**About this task**
Without the pictures, extract every line from the start of the material to the line containing "Length unit declared in the file: inch", both ends included.

**Record extracts**
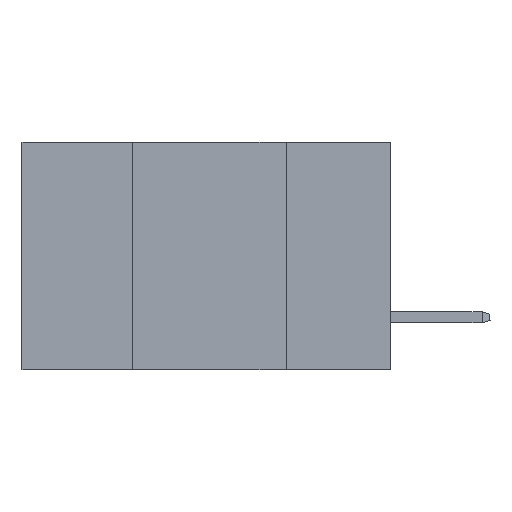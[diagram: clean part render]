
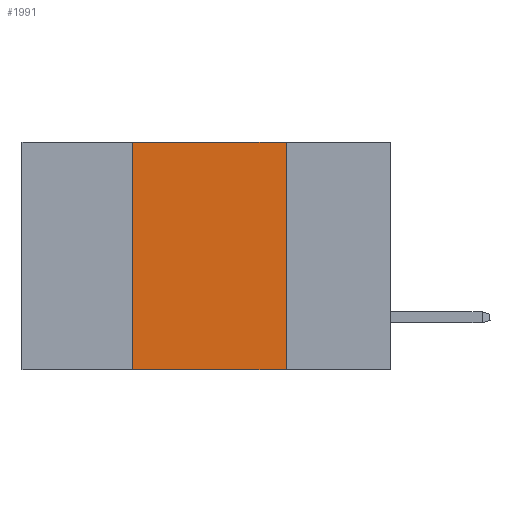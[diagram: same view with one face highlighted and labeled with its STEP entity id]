
A CAD part, left-side view. The second image highlights one B-rep face of the part: STEP entity #1991.
In plain terms, the highlighted planar face has unit normal (-1, 0, 0).
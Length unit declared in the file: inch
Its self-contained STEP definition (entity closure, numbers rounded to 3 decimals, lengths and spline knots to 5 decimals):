
#22 = CARTESIAN_POINT ( 'NONE',  ( 0., 0.17, 0. ) ) ;
#75 = LINE ( 'NONE', #3600, #10134 ) ;
#362 = DIRECTION ( 'NONE',  ( 1., 0., 0. ) ) ;
#703 = LINE ( 'NONE', #8156, #9108 ) ;
#1586 = EDGE_LOOP ( 'NONE', ( #10385, #1661, #10945, #7859 ) ) ;
#1661 = ORIENTED_EDGE ( 'NONE', *, *, #6463, .F. ) ;
#1833 = DIRECTION ( 'NONE',  ( 0., 0., -1. ) ) ;
#1991 = ADVANCED_FACE ( 'NONE', ( #5133 ), #4243, .F. ) ;
#3600 = CARTESIAN_POINT ( 'NONE',  ( 0., 0.42, 0. ) ) ;
#3689 = VERTEX_POINT ( 'NONE', #5139 ) ;
#4243 = PLANE ( 'NONE',  #8450 ) ;
#4249 = CARTESIAN_POINT ( 'NONE',  ( 0., 0.6, -0.37 ) ) ;
#4471 = EDGE_CURVE ( 'NONE', #10547, #7292, #11959, .T. ) ;
#4566 = DIRECTION ( 'NONE',  ( 0., 0., 1. ) ) ;
#4971 = CARTESIAN_POINT ( 'NONE',  ( 0., 0.42, -0.37 ) ) ;
#5133 = FACE_OUTER_BOUND ( 'NONE', #1586, .T. ) ;
#5139 = CARTESIAN_POINT ( 'NONE',  ( 0., 0.42, 0. ) ) ;
#6463 = EDGE_CURVE ( 'NONE', #3689, #12669, #703, .T. ) ;
#6768 = CARTESIAN_POINT ( 'NONE',  ( 0., 0.17, -0.37 ) ) ;
#7292 = VERTEX_POINT ( 'NONE', #6768 ) ;
#7339 = CARTESIAN_POINT ( 'NONE',  ( 0., 0.17, 0. ) ) ;
#7365 = VECTOR ( 'NONE', #9151, 39.37008 ) ;
#7859 = ORIENTED_EDGE ( 'NONE', *, *, #4471, .T. ) ;
#8018 = VECTOR ( 'NONE', #1833, 39.37008 ) ;
#8156 = CARTESIAN_POINT ( 'NONE',  ( 0., 0.6, 0. ) ) ;
#8325 = EDGE_CURVE ( 'NONE', #12669, #7292, #12638, .T. ) ;
#8448 = DIRECTION ( 'NONE',  ( 0., -1., 0. ) ) ;
#8450 = AXIS2_PLACEMENT_3D ( 'NONE', #8979, #362, #10950 ) ;
#8979 = CARTESIAN_POINT ( 'NONE',  ( 0., 0.6, 0. ) ) ;
#9075 = EDGE_CURVE ( 'NONE', #10547, #3689, #75, .T. ) ;
#9108 = VECTOR ( 'NONE', #8448, 39.37008 ) ;
#9151 = DIRECTION ( 'NONE',  ( 0., -1., 0. ) ) ;
#10134 = VECTOR ( 'NONE', #4566, 39.37008 ) ;
#10385 = ORIENTED_EDGE ( 'NONE', *, *, #8325, .F. ) ;
#10547 = VERTEX_POINT ( 'NONE', #4971 ) ;
#10945 = ORIENTED_EDGE ( 'NONE', *, *, #9075, .F. ) ;
#10950 = DIRECTION ( 'NONE',  ( 0., 0., -1. ) ) ;
#11959 = LINE ( 'NONE', #4249, #7365 ) ;
#12638 = LINE ( 'NONE', #22, #8018 ) ;
#12669 = VERTEX_POINT ( 'NONE', #7339 ) ;

**Answer to this exercise**
[diagram: clean part render]
[diagram: same view with one face highlighted and labeled with its STEP entity id]
A CAD part, left-side view. The second image highlights one B-rep face of the part: STEP entity #1991.
In plain terms, the highlighted planar face has unit normal (-1, 0, 0).
Length unit declared in the file: inch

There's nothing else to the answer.